#### Your goal
Return all lines of the data in which the string "Inputs" occurs.
___ Source data ___
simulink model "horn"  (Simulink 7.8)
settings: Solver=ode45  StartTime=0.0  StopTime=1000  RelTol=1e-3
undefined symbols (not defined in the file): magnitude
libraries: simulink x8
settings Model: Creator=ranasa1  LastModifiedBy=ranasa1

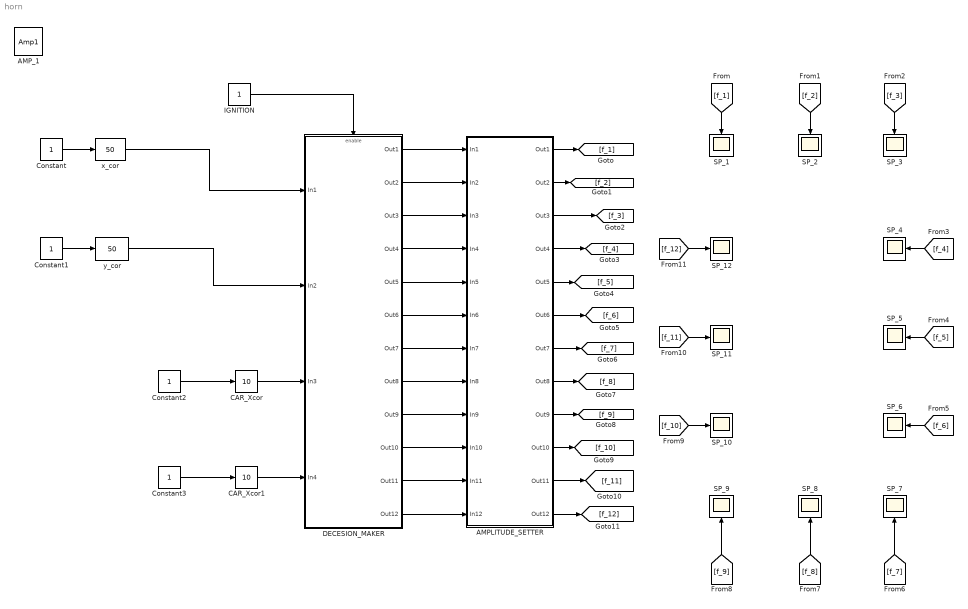
== system horn ==
  AMPLITUDE_SETTER : Subsystem  TreatAsAtomicUnit=on
      settings: RTWFcnNameOpts=Use subsystem name  RTWFileNameOpts=Use function name
  AMP_1 : DataStoreMemory  DataStoreName=Amp1  ReadBeforeWriteMsg=warning  WriteAfterWriteMsg=warning  WriteAfterReadMsg=warning  mask(TL_DataStoreMemory){data={'date',736152.61579912039}}
      settings: CopyFcn=if exist('tl_reset_reviewflag') == 2, tl_reset_reviewflag(gcbh); end  DeleteFcn=if exist('delete_tlblock','file')==2,delete_tlblock(gcbh);end  NameChangeFcn=if exist('rename_tlblock','file')==2,rename_tlblock(gcbh);end  OpenFcn=if exist('tl_open_blockdlg','file')==2,tl_open_blockdlg(gcbh);else,open_system(gcbh,'parameter');end
      mask Help: eval(['if exist(''tl_online_help'',''file'') == 2, tl_online_help(''Topic'',''TL_DataStoreMemory''),else, web([''jar:file:///'',matlabroot,''/help/toolbox/simulink/help.jar!/slref/' lower(get_param(gcbh,'Blocktype')) '.html''], ''-helpbrowser''),end'])
      mask Display: plot([-0.05, 1.05, NaN, -0.05, 1.05],[.01, .01, NaN, .99, .99])
  CAR_Xcor : simulink/Math Operations/Slider Gain  low=0  gain=10  high=20
  CAR_Xcor1 : simulink/Math Operations/Slider Gain  low=0  gain=10  high=20
  Constant{,1..3} (4 alike) : Constant
  DECESION_MAKER : Subsystem  TreatAsAtomicUnit=on
      settings: RTWFcnNameOpts=Use subsystem name  RTWFileNameOpts=Use function name
  IGNITION : Constant
  SP_{1..12} (12 alike) : Scope
      SP_10 settings: SaveName=ScopeData10
      SP_11 settings: SaveName=ScopeData11
      SP_12 settings: SaveName=ScopeData12
      SP_2 settings: SaveName=ScopeData2
      SP_3 settings: SaveName=ScopeData3
      SP_4 settings: SaveName=ScopeData4
      SP_5 settings: SaveName=ScopeData5
      SP_6 settings: SaveName=ScopeData6
      SP_7 settings: SaveName=ScopeData7
      SP_8 settings: SaveName=ScopeData8
      SP_9 settings: SaveName=ScopeData9
  x_cor : simulink/Math Operations/Slider Gain  low=0  gain=50  high=50
  y_cor : simulink/Math Operations/Slider Gain  low=0  gain=50  high=50
  wires:
  DECESION_MAKER/1(Out1) -> AMPLITUDE_SETTER/1(In1)
  DECESION_MAKER/2(Out2) -> AMPLITUDE_SETTER/2(In2)
  DECESION_MAKER/3(Out3) -> AMPLITUDE_SETTER/3(In3)
  DECESION_MAKER/4(Out4) -> AMPLITUDE_SETTER/4(In4)
  DECESION_MAKER/5(Out5) -> AMPLITUDE_SETTER/5(In5)
  DECESION_MAKER/6(Out6) -> AMPLITUDE_SETTER/6(In6)
  DECESION_MAKER/7(Out7) -> AMPLITUDE_SETTER/7(In7)
  DECESION_MAKER/8(Out8) -> AMPLITUDE_SETTER/8(In8)
  DECESION_MAKER/9(Out9) -> AMPLITUDE_SETTER/9(In9)
  DECESION_MAKER/10(Out10) -> AMPLITUDE_SETTER/10(In10)
  DECESION_MAKER/11(Out11) -> AMPLITUDE_SETTER/11(In11)
  DECESION_MAKER/12(Out12) -> AMPLITUDE_SETTER/12(In12)
  Constant/1 -> x_cor/1
  Constant1/1 -> y_cor/1
  AMPLITUDE_SETTER/1(Out1) -> [f_1]
  AMPLITUDE_SETTER/2(Out2) -> [f_2]
  AMPLITUDE_SETTER/3(Out3) -> [f_3]
  AMPLITUDE_SETTER/4(Out4) -> [f_4]
  AMPLITUDE_SETTER/5(Out5) -> [f_5]
  AMPLITUDE_SETTER/6(Out6) -> [f_6]
  AMPLITUDE_SETTER/7(Out7) -> [f_7]
  AMPLITUDE_SETTER/8(Out8) -> [f_8]
  AMPLITUDE_SETTER/9(Out9) -> [f_9]
  AMPLITUDE_SETTER/10(Out10) -> [f_10]
  AMPLITUDE_SETTER/11(Out11) -> [f_11]
  AMPLITUDE_SETTER/12(Out12) -> [f_12]
  [f_1] -> SP_1/1
  [f_2] -> SP_2/1
  [f_3] -> SP_3/1
  [f_4] -> SP_4/1
  [f_5] -> SP_5/1
  [f_6] -> SP_6/1
  [f_7] -> SP_7/1
  [f_8] -> SP_8/1
  [f_9] -> SP_9/1
  [f_10] -> SP_10/1
  [f_11] -> SP_11/1
  [f_12] -> SP_12/1
  Constant2/1 -> CAR_Xcor/1
  CAR_Xcor/1 -> DECESION_MAKER/3(In3)
  Constant3/1 -> CAR_Xcor1/1
  CAR_Xcor1/1 -> DECESION_MAKER/4(In4)
  x_cor/1 -> DECESION_MAKER/1(In1)
  y_cor/1 -> DECESION_MAKER/2(In2)
  IGNITION/1 -> DECESION_MAKER/Enable

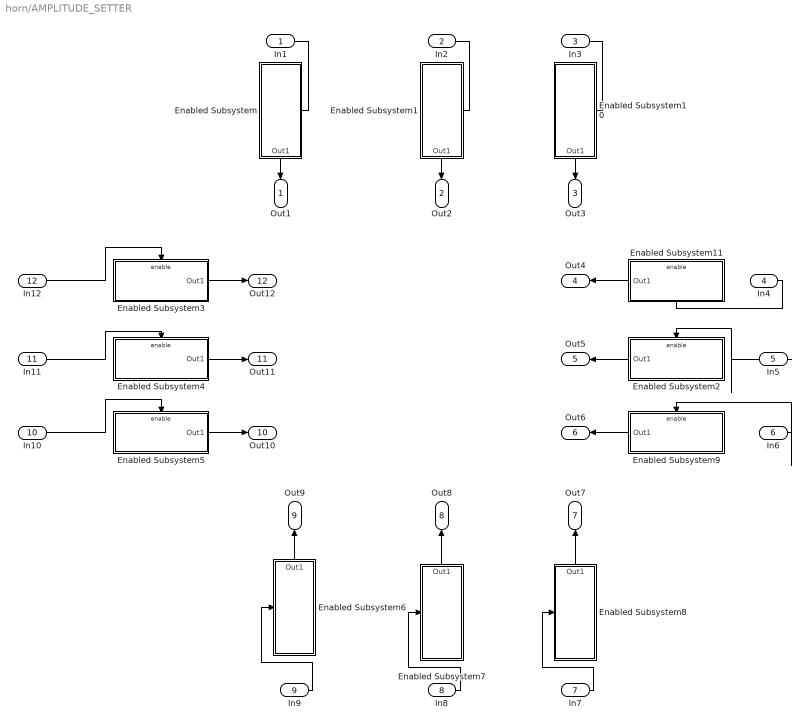
== system horn/AMPLITUDE_SETTER ==
  In1 : Inport
  In2 : Inport  Port=2
  In3 : Inport  Port=3
  In4 : Inport  Port=4
  In5 : Inport  Port=5
  In6 : Inport  Port=6
  In7 : Inport  Port=7
  In8 : Inport  Port=8
  In9 : Inport  Port=9
  In10 : Inport  Port=10
  In11 : Inport  Port=11
  In12 : Inport  Port=12
  Enabled Subsystem : Subsystem  TreatAsAtomicUnit=on
  Enabled Subsystem1 : Subsystem  TreatAsAtomicUnit=on
  Enabled Subsystem10 : Subsystem  TreatAsAtomicUnit=on
  Enabled Subsystem11 : Subsystem  TreatAsAtomicUnit=on
  Enabled Subsystem2 : Subsystem  TreatAsAtomicUnit=on
  Enabled Subsystem3 : Subsystem  TreatAsAtomicUnit=on
  Enabled Subsystem4 : Subsystem  TreatAsAtomicUnit=on
  Enabled Subsystem5 : Subsystem  TreatAsAtomicUnit=on
  Enabled Subsystem6 : Subsystem  TreatAsAtomicUnit=on
  Enabled Subsystem7 : Subsystem  TreatAsAtomicUnit=on
  Enabled Subsystem8 : Subsystem  TreatAsAtomicUnit=on
  Enabled Subsystem9 : Subsystem  TreatAsAtomicUnit=on
  Out1 : Outport
  Out2 : Outport  Port=2
  Out3 : Outport  Port=3
  Out4 : Outport  Port=4
  Out5 : Outport  Port=5
  Out6 : Outport  Port=6
  Out7 : Outport  Port=7
  Out8 : Outport  Port=8
  Out9 : Outport  Port=9
  Out10 : Outport  Port=10
  Out11 : Outport  Port=11
  Out12 : Outport  Port=12
  wires:
  Enabled Subsystem/1(Out1) -> Out1/1
  Enabled Subsystem1/1(Out1) -> Out2/1
  Enabled Subsystem10/1(Out1) -> Out3/1
  Enabled Subsystem11/1(Out1) -> Out4/1
  Enabled Subsystem2/1(Out1) -> Out5/1
  Enabled Subsystem9/1(Out1) -> Out6/1
  Enabled Subsystem8/1(Out1) -> Out7/1
  Enabled Subsystem6/1(Out1) -> Out9/1
  Enabled Subsystem7/1(Out1) -> Out8/1
  Enabled Subsystem3/1(Out1) -> Out12/1
  Enabled Subsystem4/1(Out1) -> Out11/1
  Enabled Subsystem5/1(Out1) -> Out10/1
  In1/1 -> Enabled Subsystem/Enable
  In2/1 -> Enabled Subsystem1/Enable
  In3/1 -> Enabled Subsystem10/Enable
  In4/1 -> Enabled Subsystem11/Enable
  In5/1 -> Enabled Subsystem2/Enable
  In6/1 -> Enabled Subsystem9/Enable
  In7/1 -> Enabled Subsystem8/Enable
  In8/1 -> Enabled Subsystem7/Enable
  In9/1 -> Enabled Subsystem6/Enable
  In10/1 -> Enabled Subsystem5/Enable
  In11/1 -> Enabled Subsystem4/Enable
  In12/1 -> Enabled Subsystem3/Enable

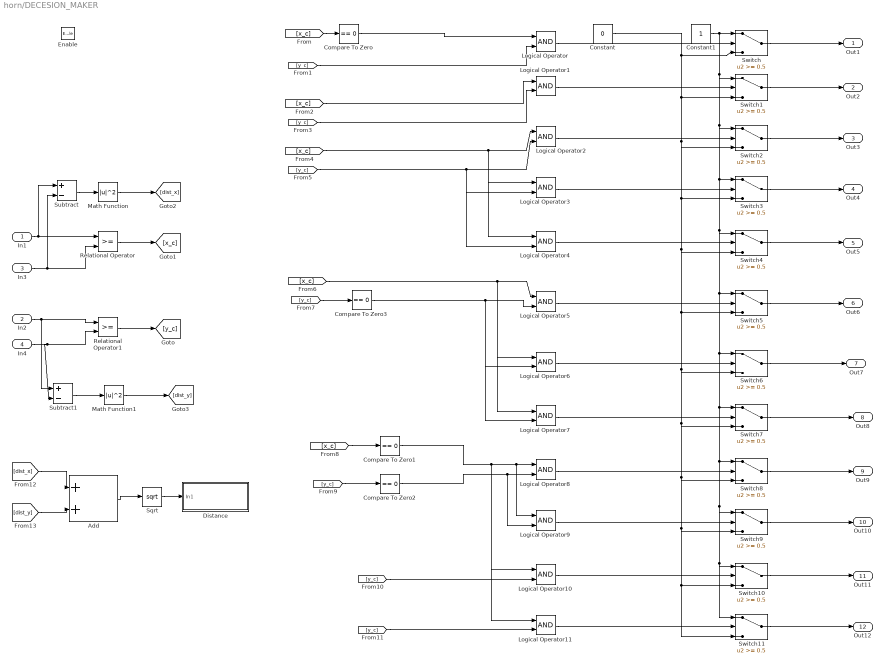
== system horn/DECESION_MAKER ==
  In1 : Inport
  In2 : Inport  Port=2
  In3 : Inport  Port=3
  In4 : Inport  Port=4
  Enable : EnablePort
  Add : Sum
  Compare To Zero{,1..3} (4 alike) : simulink/Logic and Bit Operations/Compare To Zero  relop===  OutDataTypeStr=uint8
  Constant : Constant  Value=0
  Constant1 : Constant
  Distance : Subsystem  TreatAsAtomicUnit=on
      settings: RTWFcnNameOpts=Use subsystem name  RTWFileNameOpts=Use function name
  Logical Operator{,1..11} (12 alike) : Logic  AllPortsSameDT=off  OutDataTypeStr=boolean
  Math Function : Math  Operator=magnitude^2  SaturateOnIntegerOverflow=on
  Math Function1 : Math  Operator=magnitude^2  SaturateOnIntegerOverflow=on
  Relational Operator : RelationalOperator  OutDataTypeStr=boolean
  Relational Operator1 : RelationalOperator  OutDataTypeStr=boolean
  Sqrt : Sqrt  SaturateOnIntegerOverflow=on
  Subtract : Sum  Inputs=+-
  Subtract1 : Sum  Inputs=+-
  Switch{,1..11} (12 alike) : Switch  Threshold=0.5
  Out1 : Outport
  Out2 : Outport  Port=2
  Out3 : Outport  Port=3
  Out4 : Outport  Port=4
  Out5 : Outport  Port=5
  Out6 : Outport  Port=6
  Out7 : Outport  Port=7
  Out8 : Outport  Port=8
  Out9 : Outport  Port=9
  Out10 : Outport  Port=10
  Out11 : Outport  Port=11
  Out12 : Outport  Port=12
  wires:
  Switch/1 -> Out1/1
  Switch1/1 -> Out2/1
  Switch2/1 -> Out3/1
  Switch3/1 -> Out4/1
  Switch4/1 -> Out5/1
  Switch5/1 -> Out6/1
  Switch6/1 -> Out7/1
  Switch7/1 -> Out8/1
  Switch8/1 -> Out9/1
  Switch9/1 -> Out10/1
  Switch10/1 -> Out11/1
  Switch11/1 -> Out12/1
  In1/1 -> Relational Operator/1, Subtract/1
  In3/1 -> Relational Operator/2, Subtract/2
  In2/1 -> Relational Operator1/1, Subtract1/1
  In4/1 -> Relational Operator1/2, Subtract1/2
  Relational Operator/1 -> [x_c]
  Relational Operator1/1 -> [y_c]
  Logical Operator/1 -> Switch/2
  Logical Operator1/1 -> Switch1/2
  Logical Operator2/1 -> Switch2/2
  Logical Operator3/1 -> Switch3/2
  Logical Operator4/1 -> Switch4/2
  Logical Operator5/1 -> Switch5/2
  Logical Operator6/1 -> Switch6/2
  Logical Operator7/1 -> Switch7/2
  Logical Operator8/1 -> Switch8/2
  Logical Operator9/1 -> Switch9/2
  Logical Operator10/1 -> Switch10/2
  Logical Operator11/1 -> Switch11/2
  [x_c] -> Compare To Zero/1
  [y_c] -> Logical Operator1/2
  [x_c] -> Logical Operator1/1
  [x_c] -> Logical Operator2/1, Logical Operator3/1, Logical Operator4/1
  [y_c] -> Logical Operator2/2, Logical Operator3/2, Logical Operator4/2
  [y_c] -> Compare To Zero3/1
  [x_c] -> Logical Operator5/1, Logical Operator6/1, Logical Operator7/1
  Compare To Zero3/1 -> Logical Operator5/2, Logical Operator6/2, Logical Operator7/2
  Constant1/1 -> Switch/1, Switch1/1, Switch2/1, Switch3/1, Switch4/1, Switch5/1, Switch6/1, Switch7/1, Switch8/1, Switch9/1, Switch10/1, Switch11/1
  Constant/1 -> Switch/3, Switch1/3, Switch2/3, Switch3/3, Switch4/3, Switch5/3, Switch6/3, Switch7/3, Switch8/3, Switch9/3, Switch10/3, Switch11/3
  [y_c] -> Logical Operator/2
  Compare To Zero/1 -> Logical Operator/1
  [x_c] -> Compare To Zero1/1
  [y_c] -> Compare To Zero2/1
  Compare To Zero1/1 -> Logical Operator8/1, Logical Operator9/1, Logical Operator10/1, Logical Operator11/1
  Compare To Zero2/1 -> Logical Operator8/2, Logical Operator9/2
  [y_c] -> Logical Operator10/2
  [y_c] -> Logical Operator11/2
  Subtract/1 -> Math Function/1
  Subtract1/1 -> Math Function1/1
  Math Function/1 -> [dist_x]
  Math Function1/1 -> [dist_y]
  [dist_x] -> Add/1
  [dist_y] -> Add/2
  Add/1 -> Sqrt/1
  Sqrt/1 -> Distance/1(In1)

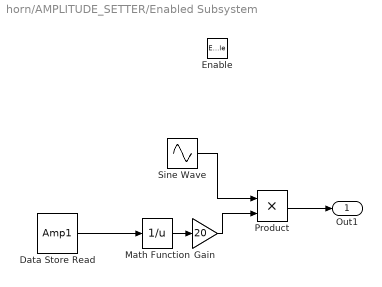
== system horn/AMPLITUDE_SETTER/Enabled Subsystem ==
  Enable : EnablePort
  Data Store Read : DataStoreRead  DataStoreName=Amp1  mask(TL_DataStoreRead){data={'date',736152.73192049772}}
      settings: DeleteFcn=if exist('delete_tlblock','file')==2,delete_tlblock(gcbh);end  NameChangeFcn=if exist('rename_tlblock','file')==2,rename_tlblock(gcbh);end  OpenFcn=if exist('tl_open_blockdlg','file')==2,tl_open_blockdlg(gcbh);else,open_system(gcbh,'parameter');end
      mask Help: eval(['if exist(''tl_online_help'',''file'') == 2, tl_online_help(''Topic'',''TL_DataStoreRead''),else, web([''jar:file:///'',matlabroot,''/help/toolbox/simulink/help.jar!/slref/' lower(get_param(gcbh,'Blocktype')) '.html''], ''-helpbrowser''),end'])
      mask Display: plot([-0.05, 1.05, NaN, -0.05, 1.05],[.01, .01, NaN, .99, .99])
  Gain : Gain  Gain=20
  Math Function : Math  Operator=reciprocal  SaturateOnIntegerOverflow=on
  Product : Product  RndMeth=Zero
  Sine Wave : Sin  SampleTime=0
  Out1 : Outport
  wires:
  Data Store Read/1 -> Math Function/1
  Sine Wave/1 -> Product/1
  Product/1 -> Out1/1
  Math Function/1 -> Gain/1
  Gain/1 -> Product/2

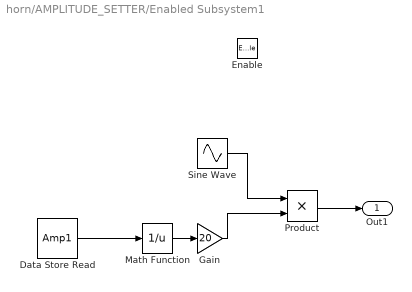
== system horn/AMPLITUDE_SETTER/Enabled Subsystem1 ==
  Enable : EnablePort
  Data Store Read : DataStoreRead  DataStoreName=Amp1  mask(TL_DataStoreRead){data={'date',736152.75838344905}}
      settings: DeleteFcn=if exist('delete_tlblock','file')==2,delete_tlblock(gcbh);end  NameChangeFcn=if exist('rename_tlblock','file')==2,rename_tlblock(gcbh);end  OpenFcn=if exist('tl_open_blockdlg','file')==2,tl_open_blockdlg(gcbh);else,open_system(gcbh,'parameter');end
      mask Help: eval(['if exist(''tl_online_help'',''file'') == 2, tl_online_help(''Topic'',''TL_DataStoreRead''),else, web([''jar:file:///'',matlabroot,''/help/toolbox/simulink/help.jar!/slref/' lower(get_param(gcbh,'Blocktype')) '.html''], ''-helpbrowser''),end'])
      mask Display: plot([-0.05, 1.05, NaN, -0.05, 1.05],[.01, .01, NaN, .99, .99])
  Gain : Gain  Gain=20
  Math Function : Math  Operator=reciprocal  SaturateOnIntegerOverflow=on
  Product : Product  RndMeth=Zero
  Sine Wave : Sin  SampleTime=0
  Out1 : Outport
  wires:
  Product/1 -> Out1/1
  Sine Wave/1 -> Product/1
  Data Store Read/1 -> Math Function/1
  Math Function/1 -> Gain/1
  Gain/1 -> Product/2

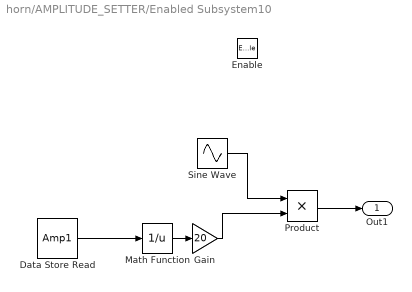
== system horn/AMPLITUDE_SETTER/Enabled Subsystem10 ==
  Enable : EnablePort
  Data Store Read : DataStoreRead  DataStoreName=Amp1  mask(TL_DataStoreRead){data={'date',736152.73192049772}}
      settings: DeleteFcn=if exist('delete_tlblock','file')==2,delete_tlblock(gcbh);end  NameChangeFcn=if exist('rename_tlblock','file')==2,rename_tlblock(gcbh);end  OpenFcn=if exist('tl_open_blockdlg','file')==2,tl_open_blockdlg(gcbh);else,open_system(gcbh,'parameter');end
      mask Help: eval(['if exist(''tl_online_help'',''file'') == 2, tl_online_help(''Topic'',''TL_DataStoreRead''),else, web([''jar:file:///'',matlabroot,''/help/toolbox/simulink/help.jar!/slref/' lower(get_param(gcbh,'Blocktype')) '.html''], ''-helpbrowser''),end'])
      mask Display: plot([-0.05, 1.05, NaN, -0.05, 1.05],[.01, .01, NaN, .99, .99])
  Gain : Gain  Gain=20
  Math Function : Math  Operator=reciprocal  SaturateOnIntegerOverflow=on
  Product : Product  RndMeth=Zero
  Sine Wave : Sin  SampleTime=0
  Out1 : Outport
  wires:
  Sine Wave/1 -> Product/1
  Product/1 -> Out1/1
  Data Store Read/1 -> Math Function/1
  Math Function/1 -> Gain/1
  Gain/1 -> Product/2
___
#### The completed task
  Subtract : Sum  Inputs=+-
  Subtract1 : Sum  Inputs=+-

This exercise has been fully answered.